TCS Daily

GAM and the Future of Aceh

By Yang Razali Kassim - March 9, 2005 12:00 AM

Within days of the tsunami disaster, several Indonesian organisations sent volunteers to Aceh to provide humanitarian relief. Amongst them were two Islamist groups, the Majlis Mujahidin Indonesia (the Mujahidin Council, or MMI) and the Front Pembela Islam (Islamic Defenders Front, or FPI). The two groups set up a command post at an air force base in Banda Aceh to help bury the dead and distribute aid. The gestures of MMI and FPI were however opposed by the separatist Gerakan Aceh Merdeka (the Free Aceh Movement or GAM).

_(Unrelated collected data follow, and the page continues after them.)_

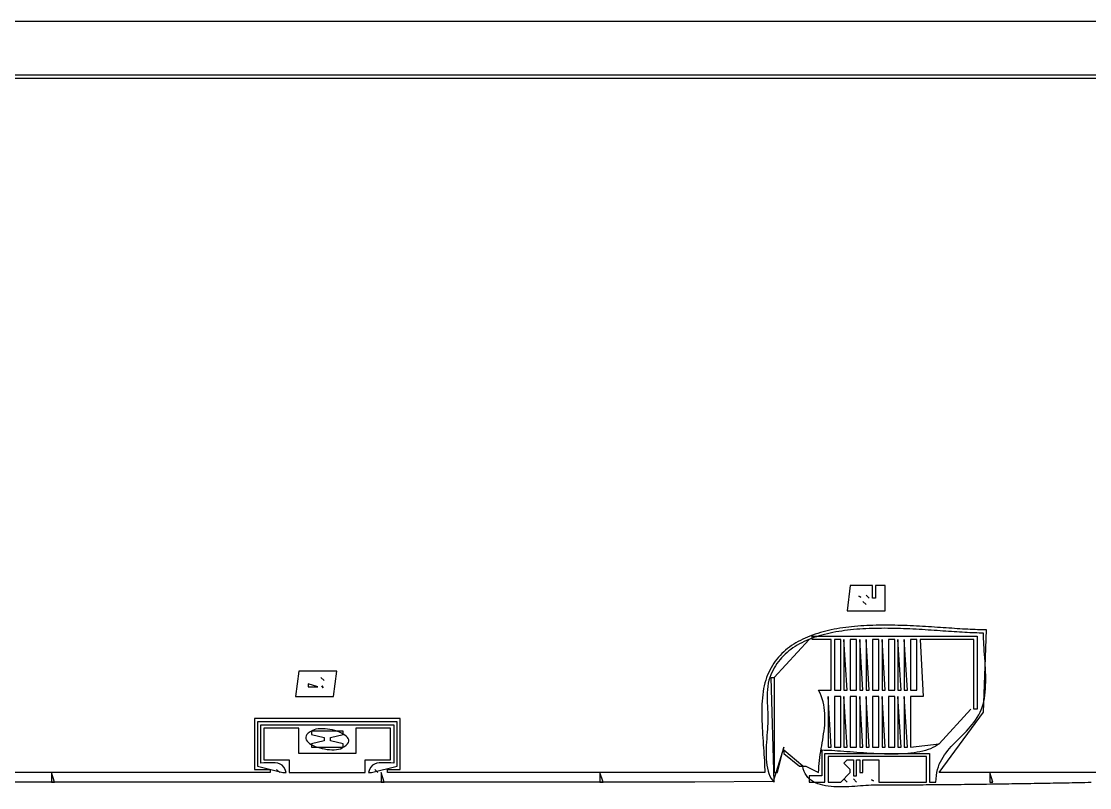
# Model space of a CAD drawing. Extents: x 0 to 1224, y 0 to 792.
# Drawn here: x 230.5 to 567.5, y 550.2 to 792 of the extents above; entities that cross this region are included whole.
import ezdxf

# ---------------------------------------------------------------- set-up
doc = ezdxf.new("R2010")
doc.units = 0
doc.layers.add('C7', color=7, linetype='CONTINUOUS')

msp = doc.modelspace()

# ---------------------------------------------------------------- linework, layer by layer
at = {"layer": 'C7'}
for points in [[(0, 792), (0, 0), (1224, 0), (1224, 792), (0, 792)], [(36, 775), (36, 18), (1206, 18), (1206, 775), (36, 775)], [(37, 774), (37, 19), (1205, 19), (1205, 774), (37, 774)], [(492, 614), (491, 606), (503, 606), (503, 614), (500, 614), (500, 610), (499, 610), (499, 614), (492, 614)], [(494.666656, 610.666687), (495.333344, 610.333313), (494.666656, 610.666687)], [(497, 611), (498, 610), (497, 611)], [(496, 609), (497, 608), (496, 609)], [(796, 555), (520, 555), (533.972229, 574), (535, 600), (534.3121, 600.0033), (533.6071, 600.0132), (532.8854, 600.0291), (532.1476, 600.0508), (531.3941, 600.0778), (530.6255, 600.1098), (529.8423, 600.1463), (529.0449, 600.187), (528.234, 600.2316), (527.41, 600.2796), (526.5735, 600.3306), (525.7249, 600.3843), (524.8648, 600.4403), (523.9936, 600.4983), (523.112, 600.5577), (522.2203, 600.6183), (521.3192, 600.6797), (520.4091, 600.7414), (519.4905, 600.8032), (518.5641, 600.8646), (517.6301, 600.9252), (516.6893, 600.9847), (515.7421, 601.0426), (514.789, 601.0987), (513.8305, 601.1525), (512.8672, 601.2037), (511.8995, 601.2518), (510.928, 601.2964), (509.9532, 601.3373), (508.9756, 601.374), (507.9957, 601.4061), (507.014, 601.4333), (506.031, 601.4552), (505.0473, 601.4713), (504.0634, 601.4814), (503.0798, 601.485), (502.0969, 601.4817), (501.1154, 601.4712), (500.1356, 601.4531), (499.1582, 601.427), (498.1837, 601.3926), (497.2125, 601.3494), (496.2452, 601.297), (495.2822, 601.2351), (494.3242, 601.1634), (493.3716, 601.0813), (492.4249, 600.9886), (491.4847, 600.8849), (490.5514, 600.7697), (489.6256, 600.6428), (488.7077, 600.5036), (487.7984, 600.3519), (486.8981, 600.1873), (486.0073, 600.0093), (485.1265, 599.8176), (484.2563, 599.6119), (483.3971, 599.3917), (482.5495, 599.1566), (481.7141, 598.9063), (480.8912, 598.6404), (480.0814, 598.3585), (479.2853, 598.0602), (478.5033, 597.7452), (477.736, 597.413), (476.9839, 597.0633), (476.2474, 596.6958), (475.5271, 596.3099), (474.8236, 595.9054), (474.1373, 595.4819), (473.4687, 595.0389), (472.8184, 594.5762), (472.1868, 594.0932), (471.5745, 593.5897), (470.9821, 593.0653), (470.4099, 592.5195), (469.8586, 591.9521), (469.3286, 591.3625), (468.8204, 590.7505), (468.3346, 590.1157), (467.8717, 589.4576), (467.4322, 588.7759), (467.0165, 588.0702), (466.6253, 587.3401), (466.259, 586.5853), (465.9182, 585.8054), (465.6034, 585)], [(568.0019, 551.8216), (567.0018, 551.8025), (566.0017, 551.7836), (565.0015, 551.7647), (564.0013, 551.7459), (563.001, 551.7271), (562.0006, 551.7085), (561.0002, 551.6899), (559.9998, 551.6715), (558.9993, 551.6531), (557.9987, 551.6349), (556.9982, 551.6168), (555.9976, 551.5988), (554.997, 551.5809), (553.9963, 551.5632), (552.9957, 551.5457), (551.995, 551.5283), (550.9942, 551.511), (549.9935, 551.4939), (548.9928, 551.477), (547.992, 551.4603), (546.9913, 551.4438), (545.9905, 551.4274), (544.9897, 551.4113), (543.989, 551.3953), (542.9882, 551.3796), (541.9875, 551.3641), (540.9867, 551.3488), (539.986, 551.3338), (538.9853, 551.319), (537.9846, 551.3044), (536.9839, 551.2901), (535.9833, 551.2761), (534.9826, 551.2623), (533.982, 551.2488), (532.9815, 551.2356), (531.9809, 551.2227), (530.9805, 551.21), (529.98, 551.1977), (528.9796, 551.1857), (527.9793, 551.1739), (526.979, 551.1625), (525.9787, 551.1515), (524.9785, 551.1407), (523.9784, 551.1303), (522.9783, 551.1203), (521.9783, 551.1106), (520.9783, 551.1012), (519.9785, 551.0923), (518.9787, 551.0837), (517.9789, 551.0754), (516.9793, 551.0676), (515.9797, 551.0602), (514.9802, 551.0531), (513.9808, 551.0465), (512.9815, 551.0403), (511.9823, 551.0345), (510.9832, 551.0291), (509.9841, 551.0241), (508.9852, 551.0196), (507.9864, 551.0156), (506.9877, 551.012), (505.9891, 551.0088), (504.9906, 551.0061), (503.9922, 551.0039), (502.994, 551.0022), (501.9958, 551.001), (500.9978, 551.0002), (500, 551), (499.2887, 550.9904), (498.536, 550.9639), (497.746, 550.9236), (496.9227, 550.8726), (496.0703, 550.814), (495.1927, 550.7512), (494.294, 550.6871), (493.3784, 550.625), (492.4498, 550.5681), (491.5125, 550.5194), (490.5703, 550.4821), (489.6275, 550.4595), (488.6881, 550.4546), (487.7561, 550.4706), (486.8356, 550.5106), (485.9308, 550.5779), (485.0456, 550.6755), (484.1842, 550.8067), (483.3506, 550.9746), (482.5489, 551.1823), (481.7832, 551.433), (481.0575, 551.7299), (480.3759, 552.0761), (479.7425, 552.4748), (479.1613, 552.9291), (478.6365, 553.4422), (478.1721, 554.0172), (477.7722, 554.6574), (477.4408, 555.3658), (477.182, 556.1456), (477, 557), (478, 557), (482, 555), (482.0263, 555.9514), (482.0819, 556.8997), (482.1632, 557.8453), (482.2665, 558.7881), (482.3882, 559.7284), (482.5248, 560.6663), (482.6726, 561.6019), (482.828, 562.5354), (482.9875, 563.467), (483.1475, 564.3968), (483.3043, 565.3249), (483.4543, 566.2516), (483.594, 567.1769), (483.7197, 568.1011), (483.8279, 569.0242), (483.915, 569.9464), (483.9773, 570.8679), (484.0112, 571.7888), (484.0132, 572.7093), (483.9797, 573.6296), (483.907, 574.5497), (483.7916, 575.4698), (483.6298, 576.3902), (483.4181, 577.3108), (483.1529, 578.232), (482.8305, 579.1538), (482.4474, 580.0764), (482, 581), (486, 581), (486, 597), (480, 597), (480, 598), (532, 598), (532, 575), (531, 575), (531, 597), (514, 597), (515, 579), (511, 579), (511, 563), (520, 564), (519.3939, 563.5776), (518.7411, 563.1912), (518.0437, 562.8395), (517.3042, 562.5211), (516.5248, 562.2347), (515.708, 561.9789), (514.856, 561.7525), (513.9711, 561.554), (513.0558, 561.3822), (512.1123, 561.2357), (511.143, 561.1131), (510.1502, 561.0132), (509.1363, 560.9346), (508.1035, 560.876), (507.0543, 560.8361), (505.9909, 560.8134), (504.9157, 560.8067), (503.8311, 560.8146), (502.7393, 560.8359), (501.6427, 560.8691), (500.5436, 560.913), (499.4444, 560.9661), (498.3474, 561.0272), (497.2549, 561.095), (496.1693, 561.1681), (495.0929, 561.2451), (494.028, 561.3247), (492.977, 561.4057), (491.9423, 561.4866), (490.926, 561.5661), (489.9307, 561.6429), (488.9586, 561.7157), (488.012, 561.7831), (487.0933, 561.8438), (486.2049, 561.8965), (485.349, 561.9397), (484.528, 561.9723), (483.7442, 561.9928), (483, 562), (483, 554), (479, 554), (479, 552), (484, 552), (484, 561), (517, 561), (517, 552), (519, 552), (519.0434, 553.0536), (519.1461, 554.055), (519.3049, 555.0076), (519.5164, 555.9144), (519.7775, 556.7788), (520.085, 557.6039), (520.4355, 558.3929), (520.826, 559.1491), (521.2531, 559.8758), (521.7136, 560.576), (522.2043, 561.2531), (522.722, 561.9102), (523.2634, 562.5506), (523.8253, 563.1775), (524.4046, 563.7941), (524.9978, 564.4037), (525.602, 565.0094), (526.2137, 565.6145), (526.8298, 566.2222), (527.447, 566.8358), (528.0621, 567.4584), (528.672, 568.0932), (529.2733, 568.7435), (529.8628, 569.4126), (530.4374, 570.1035), (530.9937, 570.8196), (531.5285, 571.5641), (532.0387, 572.3402), (532.521, 573.151), (532.9722, 574), (533.3325, 574.7952), (533.644, 575.6353), (533.9093, 576.5167), (534.1316, 577.4356), (534.3137, 578.3885), (534.4584, 579.3718), (534.5688, 580.3817), (534.6478, 581.4148), (534.6982, 582.4674), (534.7229, 583.5358), (534.7249, 584.6164), (534.7072, 585.7057), (534.6725, 586.7999), (534.6238, 587.8955), (534.5641, 588.9888), (534.4963, 590.0762), (534.4232, 591.1542), (534.3478, 592.2189), (534.273, 593.2669), (534.2017, 594.2945), (534.1369, 595.2981), (534.0813, 596.2741), (534.0381, 597.2188), (534.01, 598.1286), (534, 599), (533.3213, 599.0035), (532.6239, 599.0138), (531.9083, 599.0304), (531.1751, 599.053), (530.425, 599.0812), (529.6583, 599.1145), (528.8758, 599.1525), (528.078, 599.1948), (527.2655, 599.2411), (526.4388, 599.2909), (525.5986, 599.3439), (524.7453, 599.3995), (523.8797, 599.4574), (523.0021, 599.5172), (522.1133, 599.5785), (521.2138, 599.6409), (520.3041, 599.704), (519.3849, 599.7673), (518.4567, 599.8305), (517.5201, 599.8931), (516.5756, 599.9548), (515.6239, 600.0151), (514.6654, 600.0737), (513.7009, 600.1301), (512.7308, 600.1839), (511.7557, 600.2348), (510.7763, 600.2823), (509.793, 600.3259), (508.8064, 600.3654), (507.8172, 600.4002), (506.8259, 600.4301), (505.833, 600.4545), (504.8392, 600.4731), (503.845, 600.4855), (502.851, 600.4912), (501.8578, 600.4899), (500.8658, 600.4812), (499.8758, 600.4646), (498.8883, 600.4397), (497.9039, 600.4062), (496.923, 600.3635), (495.9464, 600.3115), (494.9746, 600.2495), (494.0081, 600.1772), (493.0475, 600.0942), (492.0934, 600.0001), (491.1464, 599.8946), (490.2071, 599.777), (489.2759, 599.6472), (488.3536, 599.5047), (487.4406, 599.349), (486.5376, 599.1797), (485.6451, 598.9965), (484.7636, 598.799), (483.8939, 598.5867), (483.0363, 598.3592), (482.1916, 598.1162), (481.3603, 597.8571), (480.5429, 597.5817), (479.74, 597.2895), (478.9522, 596.9801), (478.1801, 596.6531), (477.4243, 596.3081), (476.6853, 595.9447), (475.9637, 595.5624), (475.26, 595.1609), (474.5749, 594.7398), (473.909, 594.2986), (473.2627, 593.837), (472.6366, 593.3545), (472.0315, 592.8508), (471.4477, 592.3254), (470.8859, 591.778), (470.3466, 591.208), (469.8305, 590.6152), (469.3382, 589.9991), (468.87, 589.3593), (468.4268, 588.6953), (468.0089, 588.0069), (467.6171, 587.2936), (467.2519, 586.5549), (466.9137, 585.7905), (466.6034, 585)], [(479, 597), (468, 585), (479, 597)], [(487, 597), (487, 581), (489, 581), (489, 597), (487, 597)], [(490, 597), (490, 581), (491, 581), (490, 597)], [(492, 597), (492, 581), (494, 581), (494, 597), (492, 597)], [(495, 597), (495, 581), (496, 581), (495, 597)], [(497, 597), (497, 581), (498, 581), (497, 597)], [(499, 597), (499, 581), (501, 581), (501, 597), (499, 597)], [(502, 597), (502, 581), (503, 581), (502, 597)], [(504, 597), (504, 581), (506, 581), (506, 597), (504, 597)], [(507, 597), (507, 581), (508, 581), (507, 597)], [(509, 597), (509, 581), (510, 581), (509, 597)], [(511, 597), (511, 581), (513, 581), (513, 597), (511, 597)], [(318, 587), (317, 579), (329, 579), (330, 587), (318, 587)], [(468, 552), (467, 585), (468, 585), (468, 555), (469, 555), (471, 563), (467.682098, 552.19751), (443, 551.975281), (383, 551.949829), (215, 552)], [(325, 585), (326, 584), (325, 585)], [(465.6033, 585), (465.3173, 584.1603), (465.0662, 583.2909), (464.848, 582.3938), (464.661, 581.471), (464.5035, 580.5244), (464.3737, 579.5562), (464.2698, 578.5682), (464.1902, 577.5625), (464.1329, 576.5411), (464.0964, 575.506), (464.0787, 574.4591), (464.0782, 573.4025), (464.0931, 572.3382), (464.1217, 571.2682), (464.1621, 570.1944), (464.2127, 569.1189), (464.2716, 568.0437), (464.3372, 566.9707), (464.4076, 565.902), (464.4811, 564.8396), (464.556, 563.7855), (464.6304, 562.7416), (464.7027, 561.71), (464.771, 560.6926), (464.8336, 559.6915), (464.8888, 558.7087), (464.9348, 557.7461), (464.9698, 556.8058), (464.9921, 555.8897), (465, 555)], [(466.6033, 585), (466.3145, 584.0916), (466.0967, 583.1441), (465.9414, 582.1642), (465.8403, 581.1581), (465.7852, 580.1325), (465.7676, 579.0938), (465.7794, 578.0485), (465.8122, 577.003), (465.8576, 575.9638), (465.9074, 574.9374), (465.9533, 573.9304), (465.9869, 572.949), (466, 572), (465.9876, 571.2529), (465.9535, 570.4395), (465.9026, 569.5675), (465.8394, 568.6445), (465.7688, 567.6781), (465.6954, 566.676), (465.624, 565.6457), (465.5593, 564.5949), (465.506, 563.5313), (465.4688, 562.4623), (465.4525, 561.3958), (465.4617, 560.3392), (465.5013, 559.3002), (465.5759, 558.2864), (465.6902, 557.3056), (465.849, 556.3652), (466.057, 555.4729), (466.3189, 554.6363), (466.6394, 553.8631), (467.0233, 553.1609), (467.4752, 552.5373), (468, 552)], [(321, 583), (321, 582), (324, 582), (321, 583)], [(325.333344, 582.333313), (325.666656, 581.666687), (325.333344, 582.333313)], [(485, 579), (485, 563), (486, 563), (485, 579)], [(487, 579), (487, 563), (489, 563), (489, 579), (487, 579)], [(490, 579), (490, 563), (491, 563), (490, 579)], [(492, 579), (492, 563), (494, 563), (494, 579), (492, 579)], [(495, 579), (495, 563), (496, 563), (495, 579)], [(497, 579), (497, 563), (498, 563), (497, 579)], [(499, 579), (499, 563), (501, 563), (501, 579), (499, 579)], [(502, 579), (502, 563), (503, 563), (502, 579)], [(504, 579), (504, 563), (506, 563), (506, 579), (504, 579)], [(507, 579), (507, 563), (508, 563), (507, 579)], [(509, 579), (509, 563), (510, 563), (509, 579)], [(530, 575), (520, 564), (530, 575)], [(465, 555), (346, 555), (346, 556), (350, 556), (350, 572), (304, 572), (304, 556), (309, 556), (309, 555), (155, 555)], [(305, 571), (305, 557), (313, 555), (314, 555), (313.7002, 555.9685), (313.2756, 556.7172), (312.7393, 557.2731), (312.1045, 557.6629), (311.3841, 557.9135), (310.5914, 558.0519), (309.7393, 558.1049), (308.841, 558.0993), (307.9097, 558.062), (306.9583, 558.0199), (306, 558), (306, 570), (348, 570), (348, 558), (347.0416, 558.0199), (346.0902, 558.062), (345.1588, 558.0993), (344.2605, 558.1049), (343.4084, 558.0519), (342.6157, 557.9136), (341.8953, 557.6629), (341.2605, 557.2731), (340.7243, 556.7173), (340.2997, 555.9685), (340, 555), (341, 555), (349, 557), (349, 571), (305, 571)], [(307, 569), (307, 559), (315, 559), (315, 555), (339, 555), (339, 559), (347, 559), (347, 569), (336, 569), (336, 561), (318, 561), (318, 569), (307, 569)], [(322.318665, 568.258484), (321.574, 567.8326), (321.0033, 567.4044), (320.5958, 566.9762), (320.3411, 566.5507), (320.2288, 566.1303), (320.2482, 565.7176), (320.3888, 565.3152), (320.6402, 564.9256), (320.9919, 564.5514), (321.4334, 564.1952), (321.9541, 563.8594), (322.5435, 563.5467), (323.1911, 563.2596), (323.8865, 563.0006), (324.6191, 562.7724), (325.3785, 562.5775), (326.154, 562.4183), (326.9353, 562.2976), (327.7117, 562.2177), (328.4729, 562.1814), (329.2082, 562.1911), (329.9072, 562.2494), (330.5594, 562.3589), (331.1542, 562.522), (331.6813, 562.7415), (332.4258, 563.1672), (332.9966, 563.5954), (333.404, 564.0236), (333.6587, 564.4492), (333.7711, 564.8696), (333.7517, 565.2823), (333.611, 565.6847), (333.3596, 566.0742), (333.0079, 566.4484), (332.5665, 566.8047), (332.0458, 567.1404), (331.4564, 567.4532), (330.8087, 567.7403), (330.1133, 567.9992), (329.3807, 568.2274), (328.6213, 568.4224), (327.8458, 568.5815), (327.0646, 568.7023), (326.2881, 568.7821), (325.527, 568.8185), (324.7916, 568.8088), (324.0926, 568.7505), (323.4404, 568.641), (322.8456, 568.4779), (322.3186, 568.2585)], [(322, 568), (322, 567), (326, 566), (326, 565), (322, 564), (322, 563), (332, 563), (332, 564), (328, 565), (328, 566), (332, 567), (332, 568), (322, 568)], [(471, 562), (471, 561), (476, 557), (477, 557), (471, 562)], [(485, 560), (485, 552), (489, 552), (492, 555), (492, 556), (490, 558), (491, 559), (492, 559), (493, 559), (493, 554), (494, 554), (494, 559), (495, 559), (495, 555), (496, 555), (496, 559), (501, 559), (501, 552), (516, 552), (516, 560), (485, 560)], [(240, 555), (240, 552), (241, 552), (240, 555)], [(311, 556), (312, 555), (311, 556)], [(342, 556), (343, 555), (342, 556)], [(344, 555), (344, 552), (345, 552), (344, 555)], [(413, 555), (413, 552), (414, 552), (413, 555)], [(490, 553), (491, 552), (490, 553)], [(493, 553), (494, 552), (493, 553)], [(536, 555), (536, 552), (537, 552), (536, 555)], [(498.666656, 552.666687), (499.333344, 552.333313), (498.666656, 552.666687)]]:
    msp.add_lwpolyline(points, dxfattribs=at)

doc.saveas('drawing.dxf')

GAM's exiled leaders in Sweden issued a statement to say that the presence of MMI and FPI would be unhelpful to the cause of a free Aceh as the two groups' objectives were to establish an Islamic state. "FPI and MMI are not welcome in Aceh and have never been supported by the Acehnese people, nor has their presence been requested. Their intervention in Aceh is therefore counterproductive," GAM added.

The Indonesian military in Aceh however responded to the presence of MMI and FPI with conflicting signals. The army said sentiments against MMI and FPI were unfairly overblowing the threat from these groups. A military spokesman, Col. Djazairi Nachrowi, was reported as saying that volunteers from both MMI and FPI were doing good humanitarian work and should not be discriminated against just because of their militant tendencies. But the air force took a harder line, expelling several MMI volunteers from the airbase. An MMI official, Fauzan Al Anshari, said the air force did not give any reasons for the expulsion, but it was believed to have been under foreign pressure.

According to Al Anshari, there had been rumours that MMI could be linked to GAM. In reality, however, GAM and MMI are ideologically not on the same page.

GAM and Islam

There is a general misconception that GAM wants an independent Islamic state of Aceh. This misreading must have arisen from the historical fact that the struggle for a free Aceh first began as a quest for an Islamic state. Fiercely independent-minded, the Acehnese were, historically, the last to fall to the Dutch colonising power in the 19th century. They then joined a Darul Islam rebellion across Indonesia to set up an Islamic state in the 1950s when the incipient Indonesian nation failed to give Aceh a provincial status as promised. The Aceh revolt ended when the government in Jakarta gave Aceh the status of a "special territory". But by 1976, a new movement emerged calling itself the "Acheh/Sumatra National Liberation Front" (ASNLF), using the old spelling for Aceh. Also known as the Free Aceh Movement or GAM, it fought for an independent Aceh following Acehnese disillusionment with what they regarded as "Javanese economic and political domination".

Led by Teuku Hassan di Tiro, or Hassan Tiro, GAM was driven more by Acehnese ethno-nationalism than any Islamic ideology. Indeed, GAM's objective is a secular-nationalist state, not an Islamic nation. Hassan Tiro is ideologically more a socialist than an Islamist. GAM was formed by di Tiro along with a group of other foreign-educated Acehnese with commercial interests in the West. Indeed, GAM in its website, describes di Tiro as the president of Doral International Ltd, New York, a company active in such fields from investment banking and aviation services to petroleum, natural gas and shipping. However GAM in its initial years did not enjoy wide ground support in Aceh and its leaders subsequently moved to Malaysia, Libya and finally Sweden where several of its leaders acquired citizenship. It is from Sweden that GAM leaders like Hassan Tiro directed and rebuilt the separatist drive in Aceh.

After the fall of Suharto in 1998, Jakarta's strategy to resolve the separatist problem was to give the Acehnese people as much as they wanted -- so long as they remained within the unitary state of Indonesia. Hence Jakarta implemented a "special autonomy" package in 2001 that would provide for the return of 85% of oil and gas revenue to Aceh. More significantly, the special autonomy would allow the implementation of syariah or Islamic law, even though GAM has not generally demanded for syariah. It was a strategy to win over the "hearts and minds" of the Acehnese people and hopefully marginalise GAM in the process. GAM however refused to accept the special autonomy deal and the truce that took effect in December 2002 collapsed in March 2003. Jakarta subsequently declared GAM a terrorist organisation.

GAM and the Indonesian government have never been able to sit down to settle their disputes -- until the tsunami tragedy struck and brought them to the negotiating table.

So nature has succeeded in bringing the two sides together where politics has failed. The question is, will the talks lead to permanent peace and resolve a dispute that is as old as Indonesia itself?

Yang Razali Kassim is a Senior Fellow with the Institute of Defence and Strategic Studies, Nanyang Technological University, Singapore.